Amid significant controversy, NBAC recommended enhanced regulation and limits on

research involving subjects with impaired judgment in which there is more than minimal risk and no likely benefit to the subject. NAMI and other research advocates were concerned that such regulations would needlessly hamper crucial research, such as PET scans, MRIs, and EEGs, which typically involve very limited risk but offer great opportunity for increased knowledge of these brain disorders. NAMI hopes that the creation of a Special Standing Panel by the Secretary of the Department of Health and Human Services will expeditiously consider these issues and offer guidance that will permit important brain research to move forward without unnecessary regulatory burden.

Other NAMI initiatives

NAMI continues to take initiatives in research ethics, beginning its own program to recruit, train, and place consumers and family members on IRBs, and to create a video on informed consent that all potential research subjects can view and learn about their rights in research. NAMI has also been taking the pulse of consumers to ascertain their own views of research, showing, for the first time, that consumers overwhelmingly support research; that they often do so for altruistic reasons; but, that they want to be full partners in the research enterprise, with all the dignity and decision-making power that affords.

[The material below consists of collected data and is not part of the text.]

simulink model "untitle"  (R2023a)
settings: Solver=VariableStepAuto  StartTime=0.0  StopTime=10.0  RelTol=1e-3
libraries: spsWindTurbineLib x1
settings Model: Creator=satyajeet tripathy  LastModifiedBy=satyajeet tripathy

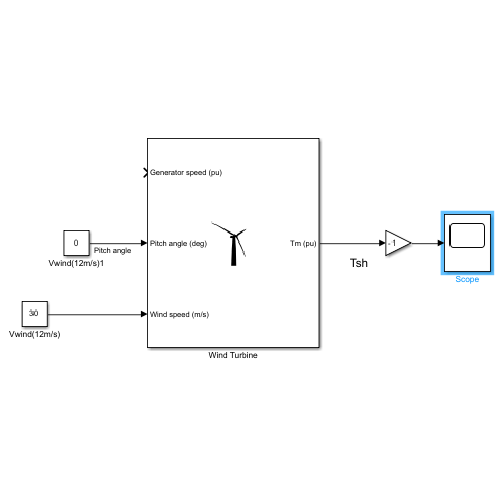
[thumbnail: Simulink's stored preview of the top-level diagram]
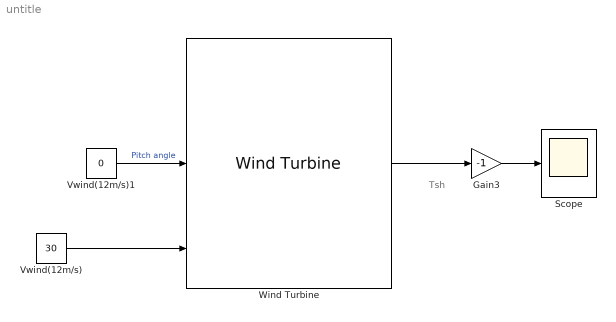
== system untitle ==
  note: Tsh
  Gain3 : Gain  Gain=-1
  Scope : Scope
  Vwind(12m/s) : Constant  Value=30
  Vwind(12m/s)1 : Constant  Value=0
  Wind Turbine : spsWindTurbineLib/Wind Turbine  Pnom=8.5e3  Pelec_base=8.5e3/0.9  wind_base=20  P_wind_base=0.8  speed_nom=1  pitch_angle=0  c1_c6="[0.51763          116          0.4            5           21     0.006795]"  cp_nom=0.48  lambda_nom=8.1
  wires:
  Wind Turbine/1 -> Gain3/1
  Vwind(12m/s)/1 -> Wind Turbine/3
  Vwind(12m/s)1/1 -> Wind Turbine/2  "Pitch angle"
  Gain3/1 -> Scope/1

NAMI continues to examine troubling issues in research, including studies involving the delay and discontinuation of treatment and/or symptom provocation, so as to promote the highest quality, safe research possible. We are pleased with NBAC’s recommendation of an Institute of Medicine study to examine these issues.

Finally, we are working with and support NIMH’s examination of ethical issues in psychiatric research, and their move to enhance both intramural and extramural research practices involving human subjects with severe mental illness.